Conceptually speaking, a liquid propellant rocket engine is actually a very simple piece of hardware. All you need to do is spray your fuel and oxidizer into the combustion chamber at the proper ratio, add a spark, and with a carefully designed nozzle you’re off to the races. Or the Moon, as the case may be. It’s just that doing it in the real-world and keeping the whole thing from exploding for long enough to do some useful work is another story entirely.
Taking the process one step at a time, [Luke Walters] has been working on a 3D printed injector that tackles the first half of the problem. After nearly a dozen different prototypes, he’s come up with a printable injector design that atomizes the fuel and combines it with pressurized air at a suitable ratio for combustion. As you can see in the video at the break, it’s certainly capable of generating some impressive fireballs.
The internal passages of the injector have been designed in such a way that fuel (91% isopropyl alcohol) and air are spinning in opposite directions when they meet. This promotes more complete mixing, which in turn leads to a more efficient burn. Originally developed in the 1930s, so-called “swirl injectors” of this type were one of the key technological advancements made by Germany’s V-2 rocket program. Some ideas never go out of style.
Since the injector only touches the fuel and air prior to ignition, it doesn’t need to be particularly heat resistant. To be on the safe side [Luke] has printed the part in PETG at 100% infill, but in reality the flame front is far enough away that temperature isn’t much of a concern. That said, he does hope to eventually fit these injectors into some kind of combustion chamber, which is where things will start getting toasty.
To be clear this is not a rocket engine, and it produces no appreciable thrust. Turning a big flame into a useful means of propulsion is where things get tricky, almost as though it’s rocket science or something. But that doesn’t mean it can’t be done by suitably ambitious hackers.
So potentially useful in current pandemic for just hosing down everything with unlit isopropyl alcohol too :-D
what could go wrong, right?
You could still light it, if the threat increases or zombies attack. :-)
Not a rocket guy. The orange flame means there are a lot of carbon particles i.e. fuel mix too rich incomplete combustion. You want the mixture as close to explosive mixture ratio as possible.
The power went out a few days ago. I made a penny stove that burns isopropyl alcohol. I had a little accident spilling some alcohol around the stove. So when I lit it, the spilled alcohol lit up and overheated the outside stove. There was some very impressive jets coming out of it. Even then, the flames remains blue with a tiny bit of orange at the tips. That bought the water in the pot boiling very quickly. After the stove cools down, it was burning normally and there was no incident. :)
He could have been running fuel rich to show off for the camera. In any event though, the ratio should be easy enough to adjust with a regulator on the fuel line.
Rocket engines are usually run fuel-rich. While it yields less combustion energy per unit fuel, the energy per unit propellant mass (fuel + oxidizer) doesn’t suffer much at first. It significantly reduces the flame temperature, which makes it easier to build a combustion chamber and nozzle that won’t melt, and the drop in average molecular weight of the exhaust makes up for some of the energy drop.

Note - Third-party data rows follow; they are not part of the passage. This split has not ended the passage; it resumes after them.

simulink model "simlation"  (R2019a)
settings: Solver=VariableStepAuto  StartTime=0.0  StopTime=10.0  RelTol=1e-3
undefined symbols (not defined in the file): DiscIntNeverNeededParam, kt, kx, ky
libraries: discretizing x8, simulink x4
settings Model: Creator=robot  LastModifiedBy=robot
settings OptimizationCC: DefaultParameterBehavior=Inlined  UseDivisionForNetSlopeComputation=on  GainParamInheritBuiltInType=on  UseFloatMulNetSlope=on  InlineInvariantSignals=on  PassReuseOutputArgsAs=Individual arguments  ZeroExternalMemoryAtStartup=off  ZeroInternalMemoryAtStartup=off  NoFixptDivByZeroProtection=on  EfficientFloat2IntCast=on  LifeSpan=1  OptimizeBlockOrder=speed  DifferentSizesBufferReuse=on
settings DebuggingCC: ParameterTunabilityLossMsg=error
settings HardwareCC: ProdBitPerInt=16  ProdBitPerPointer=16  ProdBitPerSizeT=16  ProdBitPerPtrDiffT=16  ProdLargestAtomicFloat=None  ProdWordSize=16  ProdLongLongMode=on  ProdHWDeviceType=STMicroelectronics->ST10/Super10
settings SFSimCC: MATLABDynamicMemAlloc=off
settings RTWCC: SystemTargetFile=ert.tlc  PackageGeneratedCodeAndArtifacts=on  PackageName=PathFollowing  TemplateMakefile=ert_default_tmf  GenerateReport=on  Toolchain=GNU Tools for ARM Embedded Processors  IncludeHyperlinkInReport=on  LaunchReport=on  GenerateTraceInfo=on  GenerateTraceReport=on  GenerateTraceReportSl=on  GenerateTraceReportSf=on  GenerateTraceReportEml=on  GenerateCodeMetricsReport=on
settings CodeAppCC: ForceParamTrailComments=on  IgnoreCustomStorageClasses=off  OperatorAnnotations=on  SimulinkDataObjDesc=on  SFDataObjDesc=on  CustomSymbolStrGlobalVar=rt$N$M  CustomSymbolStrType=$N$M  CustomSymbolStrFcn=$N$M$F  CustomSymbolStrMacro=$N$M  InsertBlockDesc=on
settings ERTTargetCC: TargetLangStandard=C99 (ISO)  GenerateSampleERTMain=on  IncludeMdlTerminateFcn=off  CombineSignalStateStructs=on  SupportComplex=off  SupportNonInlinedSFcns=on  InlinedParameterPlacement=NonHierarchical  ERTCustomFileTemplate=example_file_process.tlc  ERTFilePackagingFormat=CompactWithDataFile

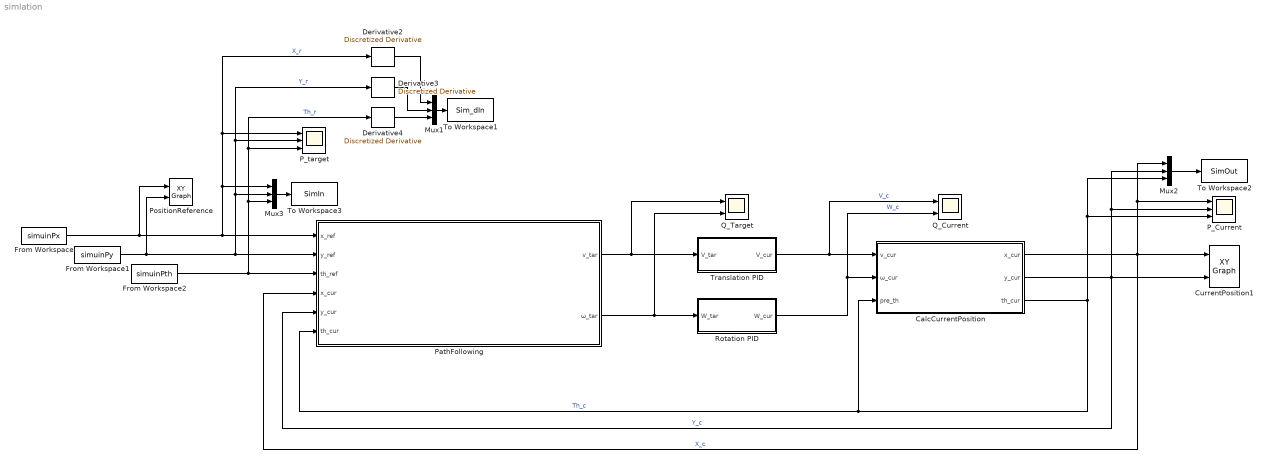
== system simlation ==
  "CalcCurrentPosition " : Subsystem
  CurrentPosition1 : simulink/Sinks/XY Graph  xmin=-200  xmax=200  ymin=-10  ymax=400  st=-1
  Derivative2 : discretizing/Discretized Derivative  method=tustin  SampleTime=0.01  Wc=1
      settings: SourceProductName=Simulink  SourceProductBaseCode=SL
  Derivative3 : discretizing/Discretized Derivative  method=tustin  SampleTime=0.01  Wc=1
      settings: SourceProductName=Simulink  SourceProductBaseCode=SL
  Derivative4 : discretizing/Discretized Derivative  method=tustin  SampleTime=0.01  Wc=1
      settings: SourceProductName=Simulink  SourceProductBaseCode=SL
  From Workspace : FromWorkspace  VariableName=simuinPx  SampleTime=0.01  mask(DiscretizedSource){}
      mask init:
      | %zoh
  From Workspace1 : FromWorkspace  VariableName=simuinPy  SampleTime=0.01  mask(DiscretizedSource){}
      mask init:
      | %zoh
  From Workspace2 : FromWorkspace  VariableName=simuinPth  SampleTime=0.01  mask(DiscretizedSource){}
      mask init:
      | %zoh
  Mux1 : Mux  Inputs=3
  Mux2 : Mux  Inputs=3
  Mux3 : Mux  Inputs=3
  P_Current : Scope  NumInputPorts=3
  P_target : Scope  NumInputPorts=3
  PathFollowing : Subsystem  TreatAsAtomicUnit=on
  PositionReference : simulink/Sinks/XY Graph  xmin=-200  xmax=200  ymin=-10  ymax=400  st=-1
  Q_Current : Scope  NumInputPorts=2
  Q_Target : Scope  NumInputPorts=2
  Rotation PID : Subsystem
  To Workspace1 : ToWorkspace  VariableName=Sim_dIn  SampleTime=-1
  To Workspace2 : ToWorkspace  VariableName=SimOut  SampleTime=-1
  To Workspace3 : ToWorkspace  VariableName=SimIn  SampleTime=-1
  Translation PID : Subsystem  TreatAsAtomicUnit=on
  wires:
  "CalcCurrentPosition "/3(th_cur) -> "CalcCurrentPosition "/3(pre_th), PathFollowing/6(th_cur), Mux2/3, P_Current/3  "Th_c"
  "CalcCurrentPosition "/1(x_cur) -> PathFollowing/4("x_cur "), CurrentPosition1/1, Mux2/1, P_Current/1  "X_c"
  Mux3/1 -> To Workspace3/1
  From Workspace/1 -> PathFollowing/1(x_ref), P_target/1, Derivative2/1, Mux3/1, PositionReference/1  "X_r"
  Mux2/1 -> To Workspace2/1
  From Workspace2/1 -> PathFollowing/3("th_ref "), Derivative4/1, P_target/3, Mux3/3  "Th_r"
  Mux1/1 -> To Workspace1/1
  "CalcCurrentPosition "/2(y_cur) -> Mux2/2, P_Current/2, CurrentPosition1/2, PathFollowing/5(y_cur)  "Y_c"
  Derivative2/1 -> Mux1/1
  From Workspace1/1 -> PathFollowing/2(y_ref), Derivative3/1, P_target/2, Mux3/2, PositionReference/2  "Y_r"
  Derivative3/1 -> Mux1/2
  Translation PID/1(V_cur) -> "CalcCurrentPosition "/1(v_cur), Q_Current/1  "V_c"
  Derivative4/1 -> Mux1/3
  PathFollowing/2(ω_tar) -> Rotation PID/1(W_tar), Q_Target/2
  PathFollowing/1(v_tar) -> Translation PID/1(V_tar), Q_Target/1
  Rotation PID/1(W_cur) -> "CalcCurrentPosition "/2(ω_cur), Q_Current/2  "W_c"

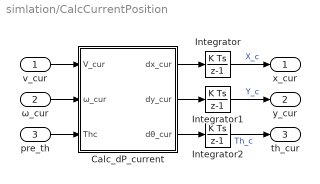
== system simlation/CalcCurrentPosition  ==
  v_cur : Inport
  ω_cur : Inport  Port=2
  pre_th : Inport  Port=3
  Calc_dP_current : Subsystem
  Integrator : DiscreteIntegrator  SampleTime=0.01  ICPrevOutput=DiscIntNeverNeededParam  ICPrevScaledInput=DiscIntNeverNeededParam  mask(DiscretizedDiscreteIntegrator){}
      mask init:
      | %zoh
  Integrator1 : DiscreteIntegrator  SampleTime=0.01  ICPrevOutput=DiscIntNeverNeededParam  ICPrevScaledInput=DiscIntNeverNeededParam  mask(DiscretizedDiscreteIntegrator){}
      mask init:
      | %zoh
  Integrator2 : DiscreteIntegrator  SampleTime=0.01  ICPrevOutput=DiscIntNeverNeededParam  ICPrevScaledInput=DiscIntNeverNeededParam  mask(DiscretizedDiscreteIntegrator){}
      mask init:
      | %zoh
  x_cur : Outport
  y_cur : Outport  Port=2
  th_cur : Outport  Port=3
  wires:
  ω_cur/1 -> Calc_dP_current/2(ω_cur)
  v_cur/1 -> Calc_dP_current/1(V_cur)
  pre_th/1 -> Calc_dP_current/3(Thc)
  Integrator/1 -> x_cur/1  "X_c"
  Calc_dP_current/1(dx_cur) -> Integrator/1
  Calc_dP_current/2(dy_cur) -> Integrator1/1
  Calc_dP_current/3(dθ_cur) -> Integrator2/1
  Integrator2/1 -> th_cur/1  "Th_c"
  Integrator1/1 -> y_cur/1  "Y_c"

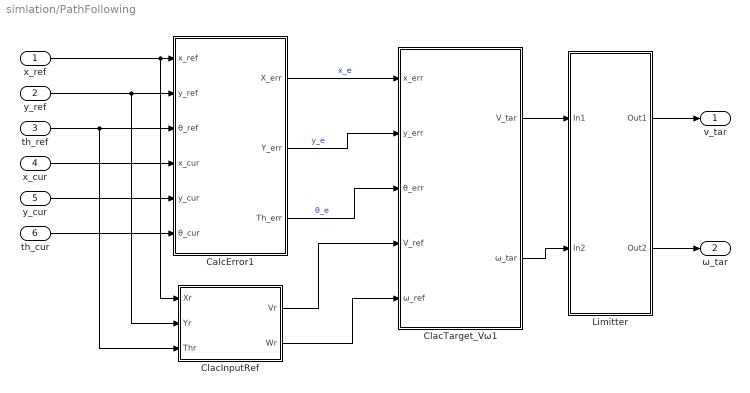
== system simlation/PathFollowing ==
  x_ref : Inport
  y_ref : Inport  Port=2
  "th_ref " : Inport  Port=3
  "x_cur " : Inport  Port=4
  y_cur : Inport  Port=5
  th_cur : Inport  Port=6
  CalcError1 : Subsystem  TreatAsAtomicUnit=on
      settings: RTWSystemCode=Nonreusable function
  "ClacInputRef " : Subsystem  TreatAsAtomicUnit=on
  ClacTarget_Vω1 : Subsystem  TreatAsAtomicUnit=on
  Limitter : Subsystem  TreatAsAtomicUnit=on
  v_tar : Outport
  ω_tar : Outport  Port=2
  wires:
  x_ref/1 -> "ClacInputRef "/1(Xr), CalcError1/1(x_ref)
  y_ref/1 -> CalcError1/2(y_ref), "ClacInputRef "/2(Yr)
  "th_ref "/1 -> "ClacInputRef "/3(Thr), CalcError1/3(θ_ref)
  CalcError1/1(X_err) -> ClacTarget_Vω1/1(x_err)  "x_e"
  CalcError1/2(Y_err) -> ClacTarget_Vω1/2(y_err)  "y_e"
  CalcError1/3(Th_err) -> ClacTarget_Vω1/3(θ_err)  "θ_e"
  "ClacInputRef "/1(Vr) -> ClacTarget_Vω1/4(V_ref)
  "ClacInputRef "/2(Wr) -> ClacTarget_Vω1/5(ω_ref)
  ClacTarget_Vω1/1(V_tar) -> Limitter/1(In1)
  ClacTarget_Vω1/2(ω_tar) -> Limitter/2(In2)
  Limitter/1(Out1) -> v_tar/1
  Limitter/2(Out2) -> ω_tar/1
  "x_cur "/1 -> CalcError1/4(x_cur)
  y_cur/1 -> CalcError1/5(y_cur)
  th_cur/1 -> CalcError1/6(θ_cur)

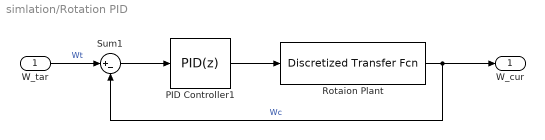
== system simlation/Rotation PID ==
  W_tar : Inport
  PID Controller1 : simulink/Continuous/PID Controller  Controller=PID  Form=Parallel  TimeDomain=Discrete-time  SampleTime=0.001  IntegratorMethod=Forward Euler  FilterMethod=Forward Euler  ControllerParametersSource=internal  P=-218.8515  I=-4309.9877  D=0  UseFilter=on  N=100  TunerSelectOption=Transfer Function Based (PID Tuner App)  InitialConditionSource=internal  InitialConditionForIntegrator=0  InitialConditionForFilter=0  DifferentiatorICPrevScaledInput=0  ExternalReset=none  TrackingMode=off  Kt=1  LimitOutput=on  UpperSaturationLimit=1200  LowerSaturationLimit=-1200  LinearizeAsGain=on  AntiWindupMode=none  Kb=1  POutMin=[]  POutMax=[]  IOutMin=[]  IOutMax=[]  DOutMin=[]  DOutMax=[]  NOutMin=[]  NOutMax=[]  SumOutMin=[]  SumOutMax=[]  SaturationOutMin=[]  SaturationOutMax=[]  PParamMin=[]  PParamMax=[]  IParamMin=[]  IParamMax=[]  DParamMin=[]  DParamMax=[]  NParamMin=[]  NParamMax=[]  KbParamMin=[]  KbParamMax=[]  KtParamMin=[]  KtParamMax=[]  KbOutMin=[]  KbOutMax=[]  KtOutMin=[]  KtOutMax=[]  IntegratorOutMin=[]  IntegratorOutMax=[]  FilterOutMin=[]  FilterOutMax=[]  SumI1OutMin=[]  SumI1OutMax=[]  SumI2OutMin=[]  SumI2OutMax=[]  SumI3OutMin=[]  SumI3OutMax=[]  SumI4OutMin=[]  SumI4OutMax=[]  SumDOutMin=[]  SumDOutMax=[]  DifferentiatorOutMin=[]  DifferentiatorOutMax=[]  FilterDiffOutCoefMin=[]  FilterDiffOutCoefMax=[]  ReciprocalOutMin=[]  ReciprocalOutMax=[]  SumDenOutMin=[]  SumDenOutMax=[]  SumNumOutMin=[]  SumNumOutMax=[]  DivideOutMin=[]  DivideOutMax=[]  IntegratorContinuousStateAttributes=''  IntegratorStateMustResolveToSignalObject=off  IntegratorRTWStateStorageClass=Auto  FilterContinuousStateAttributes=''  FilterStateMustResolveToSignalObject=off  FilterRTWStateStorageClass=Auto  ParallelPVariant=InternalParameters  IdealPVariant=Disabled  IVariant=InternalParameters  DVariant=InternalParameters  IntegratorVariant=Discrete  SatVariant=Enabled  AWVariant=Passthrough  PCopyVariant=Disabled  TRVariant=Disabled  FdbkBlocksVariant=Forward  IdealPFdbkVariant=Disabled  SatFdbkVariant=Disabled  DerivativeFilterVariant=ForwardEulerFilter  NVariant=InternalParameters  NCopyVariant=Disabled  FilterICVariant=InternalICsFilter  IntegratorICVariant=InternalICs  ExternalResetVariant=Disabled  TRSumVariant=Passthrough  SumFdbkVariant=Disabled  SumVariant=Sum_PID
  Rotaion Plant : discretizing/Discretized Transfer Fcn  Numerator=[-0.4447 -7.13]  Denominator=[1 36.42 145.2]  AbsTol=auto  SampleTime=0.01  method=zoh  Wc=1
      settings: SourceProductName=Simulink  SourceProductBaseCode=SL
  Sum1 : Sum  Inputs=|+-
  W_cur : Outport
  wires:
  PID Controller1/1 -> Rotaion Plant/1
  Sum1/1 -> PID Controller1/1
  W_tar/1 -> Sum1/1  "Wt"
  Rotaion Plant/1 -> Sum1/2, W_cur/1  "Wc"

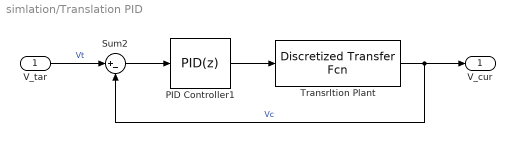
== system simlation/Translation PID ==
  V_tar : Inport
  PID Controller1 : simulink/Continuous/PID Controller  Controller=PID  Form=Parallel  TimeDomain=Discrete-time  SampleTime=0.001  IntegratorMethod=Forward Euler  FilterMethod=Forward Euler  ControllerParametersSource=internal  P=0.73598  I=3.7518  D=0  UseFilter=on  N=100  TunerSelectOption=Transfer Function Based (PID Tuner App)  InitialConditionSource=internal  InitialConditionForIntegrator=0  InitialConditionForFilter=0  DifferentiatorICPrevScaledInput=0  ExternalReset=none  TrackingMode=off  Kt=1  LimitOutput=on  UpperSaturationLimit=1200  LowerSaturationLimit=-1200  LinearizeAsGain=on  AntiWindupMode=none  Kb=1  POutMin=[]  POutMax=[]  IOutMin=[]  IOutMax=[]  DOutMin=[]  DOutMax=[]  NOutMin=[]  NOutMax=[]  SumOutMin=[]  SumOutMax=[]  SaturationOutMin=[]  SaturationOutMax=[]  PParamMin=[]  PParamMax=[]  IParamMin=[]  IParamMax=[]  DParamMin=[]  DParamMax=[]  NParamMin=[]  NParamMax=[]  KbParamMin=[]  KbParamMax=[]  KtParamMin=[]  KtParamMax=[]  KbOutMin=[]  KbOutMax=[]  KtOutMin=[]  KtOutMax=[]  IntegratorOutMin=[]  IntegratorOutMax=[]  FilterOutMin=[]  FilterOutMax=[]  SumI1OutMin=[]  SumI1OutMax=[]  SumI2OutMin=[]  SumI2OutMax=[]  SumI3OutMin=[]  SumI3OutMax=[]  SumI4OutMin=[]  SumI4OutMax=[]  SumDOutMin=[]  SumDOutMax=[]  DifferentiatorOutMin=[]  DifferentiatorOutMax=[]  FilterDiffOutCoefMin=[]  FilterDiffOutCoefMax=[]  ReciprocalOutMin=[]  ReciprocalOutMax=[]  SumDenOutMin=[]  SumDenOutMax=[]  SumNumOutMin=[]  SumNumOutMax=[]  DivideOutMin=[]  DivideOutMax=[]  IntegratorContinuousStateAttributes=''  IntegratorStateMustResolveToSignalObject=off  IntegratorRTWStateStorageClass=Auto  FilterContinuousStateAttributes=''  FilterStateMustResolveToSignalObject=off  FilterRTWStateStorageClass=Auto  ParallelPVariant=InternalParameters  IdealPVariant=Disabled  IVariant=InternalParameters  DVariant=InternalParameters  IntegratorVariant=Discrete  SatVariant=Enabled  AWVariant=Passthrough  PCopyVariant=Disabled  TRVariant=Disabled  FdbkBlocksVariant=Forward  IdealPFdbkVariant=Disabled  SatFdbkVariant=Disabled  DerivativeFilterVariant=ForwardEulerFilter  NVariant=InternalParameters  NCopyVariant=Disabled  FilterICVariant=InternalICsFilter  IntegratorICVariant=InternalICs  ExternalResetVariant=Disabled  TRSumVariant=Passthrough  SumFdbkVariant=Disabled  SumVariant=Sum_PID
  Sum2 : Sum  Inputs=|+-
  Transrltion Plant : discretizing/Discretized Transfer Fcn  Numerator=[353.7 1.175e04]  Denominator=[1 1042 1788]  AbsTol=auto  SampleTime=0.01  method=zoh  Wc=1
      settings: SourceProductName=Simulink  SourceProductBaseCode=SL
  V_cur : Outport
  wires:
  Sum2/1 -> PID Controller1/1
  PID Controller1/1 -> Transrltion Plant/1
  Transrltion Plant/1 -> V_cur/1, Sum2/2  "Vc"
  V_tar/1 -> Sum2/1  "Vt"

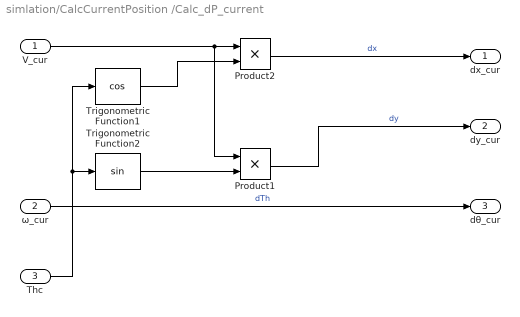
== system simlation/CalcCurrentPosition /Calc_dP_current ==
  V_cur : Inport
  ω_cur : Inport  Port=2
  Thc : Inport  Port=3
  Product1 : Product
  Product2 : Product
  Trigonometric Function1 : Trigonometry  Operator=cos
  Trigonometric Function2 : Trigonometry
  dx_cur : Outport
  dy_cur : Outport  Port=2
  dθ_cur : Outport  Port=3
  wires:
  V_cur/1 -> Product2/1, Product1/1
  Trigonometric Function1/1 -> Product2/2
  Thc/1 -> Trigonometric Function2/1, Trigonometric Function1/1
  Product2/1 -> dx_cur/1  "dx"
  Product1/1 -> dy_cur/1  "dy"
  Trigonometric Function2/1 -> Product1/2
  ω_cur/1 -> dθ_cur/1  "dTh"

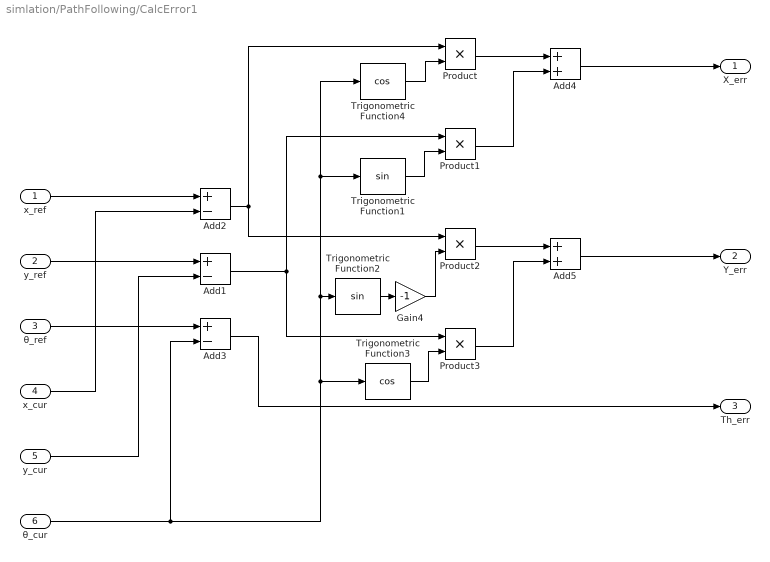
== system simlation/PathFollowing/CalcError1 ==
  x_ref : Inport
  y_ref : Inport  Port=2
  θ_ref : Inport  Port=3
  x_cur : Inport  Port=4
  y_cur : Inport  Port=5
  θ_cur : Inport  Port=6
  Add1 : Sum  Inputs=+-
  Add2 : Sum  Inputs=+-
  Add3 : Sum  Inputs=+-
  Add4 : Sum
  Add5 : Sum
  Gain4 : Gain  Gain=-1
  Product{,1..3} (4 alike) : Product
  Trigonometric Function1 : Trigonometry
  Trigonometric Function2 : Trigonometry
  Trigonometric Function3 : Trigonometry  Operator=cos
  Trigonometric Function4 : Trigonometry  Operator=cos
  X_err : Outport
  Y_err : Outport  Port=2
  Th_err : Outport  Port=3
  wires:
  x_cur/1 -> Add2/2
  x_ref/1 -> Add2/1
  y_ref/1 -> Add1/1
  y_cur/1 -> Add1/2
  θ_cur/1 -> Trigonometric Function4/1, Trigonometric Function1/1, Trigonometric Function2/1, Trigonometric Function3/1, Add3/2
  Trigonometric Function4/1 -> Product/2
  Product/1 -> Add4/1
  Trigonometric Function1/1 -> Product1/2
  Add1/1 -> Product3/1, Product1/1
  Product1/1 -> Add4/2
  Add4/1 -> X_err/1
  Add3/1 -> Th_err/1
  Add2/1 -> Product2/1, Product/1
  Product2/1 -> Add5/1
  Trigonometric Function3/1 -> Product3/2
  Product3/1 -> Add5/2
  Add5/1 -> Y_err/1
  Trigonometric Function2/1 -> Gain4/1
  Gain4/1 -> Product2/2
  θ_ref/1 -> Add3/1

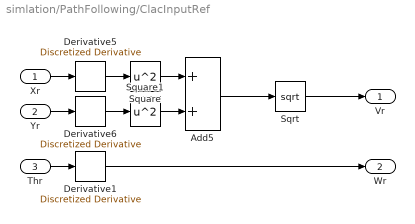
== system simlation/PathFollowing/ClacInputRef  ==
  Xr : Inport
  Yr : Inport  Port=2
  Thr : Inport  Port=3
  Add5 : Sum
  Derivative1 : discretizing/Discretized Derivative  method=tustin  SampleTime=0.01  Wc=1
      settings: SourceProductName=Simulink  SourceProductBaseCode=SL
  Derivative5 : discretizing/Discretized Derivative  method=tustin  SampleTime=0.01  Wc=1
      settings: SourceProductName=Simulink  SourceProductBaseCode=SL
  Derivative6 : discretizing/Discretized Derivative  method=tustin  SampleTime=0.01  Wc=1
      settings: SourceProductName=Simulink  SourceProductBaseCode=SL
  Sqrt : Sqrt  SaturateOnIntegerOverflow=on
  Square : Math  Operator=square  SaturateOnIntegerOverflow=on
  Square1 : Math  Operator=square  SaturateOnIntegerOverflow=on
  Vr : Outport
  Wr : Outport  Port=2
  wires:
  Sqrt/1 -> Vr/1
  Square1/1 -> Add5/2
  Derivative1/1 -> Wr/1
  Square/1 -> Add5/1
  Add5/1 -> Sqrt/1
  Derivative6/1 -> Square1/1
  Derivative5/1 -> Square/1
  Xr/1 -> Derivative5/1
  Yr/1 -> Derivative6/1
  Thr/1 -> Derivative1/1

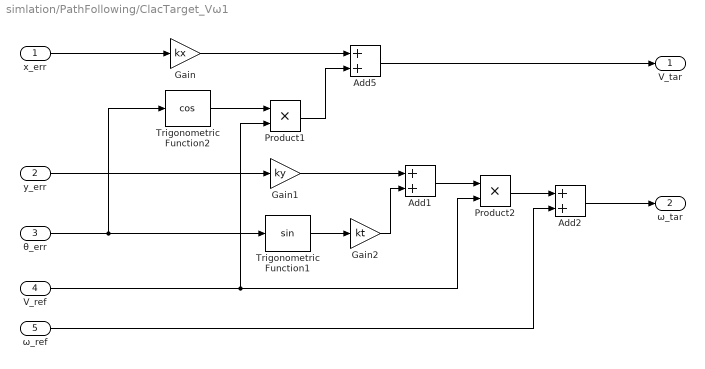
== system simlation/PathFollowing/ClacTarget_Vω1 ==
  x_err : Inport
  y_err : Inport  Port=2
  θ_err : Inport  Port=3
  V_ref : Inport  Port=4
  ω_ref : Inport  Port=5
  Add1 : Sum
  Add2 : Sum
  Add5 : Sum
  Gain : Gain  Gain=kx
  Gain1 : Gain  Gain=ky
  Gain2 : Gain  Gain=kt
  Product1 : Product
  Product2 : Product
  Trigonometric Function1 : Trigonometry
  Trigonometric Function2 : Trigonometry  Operator=cos
  V_tar : Outport
  ω_tar : Outport  Port=2
  wires:
  x_err/1 -> Gain/1
  Gain/1 -> Add5/1
  θ_err/1 -> Trigonometric Function1/1, Trigonometric Function2/1
  Trigonometric Function2/1 -> Product1/1
  V_ref/1 -> Product2/2, Product1/2
  Product1/1 -> Add5/2
  Add5/1 -> V_tar/1
  y_err/1 -> Gain1/1
  Gain1/1 -> Add1/1
  Trigonometric Function1/1 -> Gain2/1
  Gain2/1 -> Add1/2
  Add1/1 -> Product2/1
  Product2/1 -> Add2/1
  ω_ref/1 -> Add2/2
  Add2/1 -> ω_tar/1

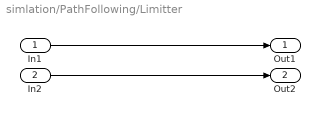
== system simlation/PathFollowing/Limitter ==
  In1 : Inport
  In2 : Inport  Port=2
  Out1 : Outport
  Out2 : Outport  Port=2
  wires:
  In1/1 -> Out1/1
  In2/1 -> Out2/1

Also if you’re running in atmosphere you might worry about producing nitrogen oxides, which being an endothermic reaction sucks energy out of the burn so may end up less efficient vs making sure you run cool enough not to make them.
Well, if you’re running it with air as oxidizer, anyways. If you’re running a better oxidizer through the thing then it’s not exposed to nitrogen for that reaction to happen until it meets ambient air after (hopefully) at the edge of the nozzle, and by that point you don’t care.
Scott Manley just published a GREAT video about rocket fuel injectors:
https://www.youtube.com/watch?v=aa4ATJGRqA0
– Nice, thanks!
Sure thing :)
Unfortunately, there is no thrust there.. unless you count the reaction from the compressed air. All the combustion is happening outside of a non-existent combustion chamber. There can be no thrust when this happens as the reaction is (mostly) equally exerted in all directions. The only “thrust” you’s see here from the perspective of the “engine”, would be the apparent thrust from the shockwave of the external chemical reaction ( which isn’t thrust). Sorry.
Nobody said there was any thrust. In fact, the post specifically says there isn’t. Did you actually read it before leaving this comment?
Nah, off course he didn’t. Isn’t this how the internet is supposed to work? You post something, someone don’t read, complain about something you didn’t said, and you both start a flame war?